Reunidos em Bruxelas, os representantes permanentes dos países da UE chegaram a um acordo que superou as objeções da Alemanha e da Itália.
O acordo foi anunciado na rede X (ex-Twitter) pela presidência do Conselho da UE, que neste semestre é exercida pela Espanha.
O ministro do Interior espanhol, Fernando Grande-Marlaska, afirmou em nota que o acordo representa "um enorme passo adiante em uma questão essencial para o futuro da UE".
"Estamos agora em melhores condições para chegar a um acordo sobre todo o pacto de asilo e migração com o Parlamento Europeu antes do final deste semestre", observou.
No dia 1º de janeiro, a presidência rotativa do Conselho da UE será exercida pela Bélgica.
A reforma do Pacto Migratório busca organizar uma resposta coletiva à chegada de um grande número de migrantes a um país da UE, como ocorreu durante a crise dos refugiados sírios de 2015 e 2016.
- "Ponto de inflexão" -
Com o acordo alcançado em Bruxelas pelos representantes permanentes dos países do bloco, a questão poderá ser apresentada na cúpula europeia marcada para sexta-feira, em Granada, na Espanha.
O texto deverá, por fim, ser negociado com os legisladores do Parlamento Europeu.
Também na rede X, a chefe da Comissão Europeia, Ursula von der Leyen, saudou as "excelentes notícias do acordo político sobre a regulação da crise".
O chefe de Governo da Alemanha, Olaf Scholz, destacou na mesma rede que o acordo é um "ponto de inflexão histórico" para o bloco.

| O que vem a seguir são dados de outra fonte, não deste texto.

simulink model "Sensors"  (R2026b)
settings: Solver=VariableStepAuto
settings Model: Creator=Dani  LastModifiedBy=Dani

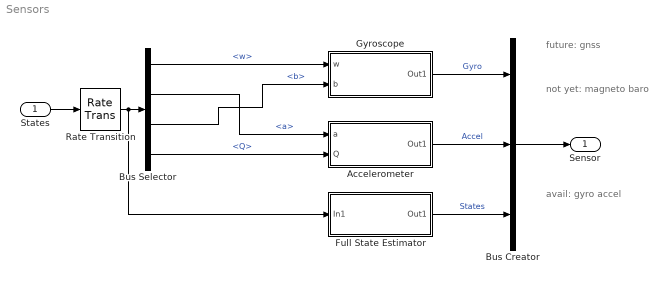
== system Sensors ==
  note: future:
      | gnss
  note: not yet:
      | magneto
      | baro
  note: avail:
      | gyro
      | accel
  States : Inport
  Accelerometer : Subsystem
  Bus Creator : BusCreator  Inputs=3
  Bus Selector : BusSelector  OutputSignals=w,a,b,Q
  Full State Estimator : Subsystem
  Gyroscope : Subsystem
  Rate Transition : RateTransition
  Sensor : Outport
  wires:
  States/1 -> Rate Transition/1
  Rate Transition/1 -> Bus Selector/1, Full State Estimator/1(In1)
  Bus Selector/4 -> Accelerometer/2(Q)  "<Q>"
  Bus Selector/3 -> Gyroscope/2(b)  "<b>"
  Bus Selector/2 -> Accelerometer/1(a)  "<a>"
  Bus Selector/1 -> Gyroscope/1(w)  "<w>"
  Gyroscope/1(Out1) -> Bus Creator/1  "Gyro"
  Accelerometer/1(Out1) -> Bus Creator/2  "Accel"
  Bus Creator/1 -> Sensor/1
  Full State Estimator/1(Out1) -> Bus Creator/3  "States"

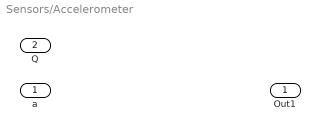
== system Sensors/Accelerometer ==
  a : Inport
  Q : Inport  Port=2
  Out1 : Outport
  wires:
  ? -> Out1/1

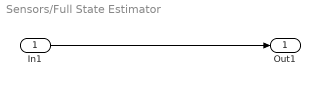
== system Sensors/Full State Estimator ==
  In1 : Inport
  Out1 : Outport
  wires:
  In1/1 -> Out1/1

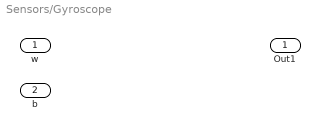
== system Sensors/Gyroscope ==
  w : Inport
  b : Inport  Port=2
  Out1 : Outport

A reforma do pacto migratório, acrescentou, será "eficaz em limitar a migração irregular na Europa e fornecer alívio duradouro a países como a Alemanha".
A primeira-ministra italiana, Giorgia Meloni, afirmou que "a posição italiana ganhou".
Uma fonte do governo alemão expressou satisfação pelo fato de seu país ter conseguido que "as intervenções dos socorristas no mar não possam ser usadas como pretexto para ativar o regulamento de crise".
Já o ministro espanhol de Relações Exteriores, José Manuel Albares, apontou que "avançamos para conseguir uma política migratória comum, responsável e solidária".
A ministra sueca das Migrações, Maria Malmer Stenergard, disse que está "muito feliz" porque o que foi acordado em Bruxelas "é uma peça muito importante do quebra-cabeças do pacto de Migração e Asilo".
- Oposição de Polônia e Hungria -
Fontes diplomáticas afirmaram, nesta quarta-feira, que na reunião dos representantes permanentes em Bruxelas os delegados de Polônia e Hungria votaram contra.
Os dois países se opõem à intenção da Comissão Europeia (braço Executivo da UE) de fazer com que todos os países do bloco aceitem migrantes ou ajudem a cobrir os custos.
Em declarações à imprensa de seu país, o ministro húngaro das Relações Exteriores, Peter Szijjarto, fez um apelo para "interromper de imediato esta política migratória".
Ele pediu o "fim imediato das cotas obrigatórias de assentamento (...), convidando os migrantes e o fim do apoio ao modelo de negócio dos traficantes de pessoas".
Há uma semana, os ministros do Interior da UE discutiram uma solução de compromisso que finalmente lhes permitiu obter o apoio da Alemanha, mas a opção não agradou a Itália e o caso voltou a ficar sem solução.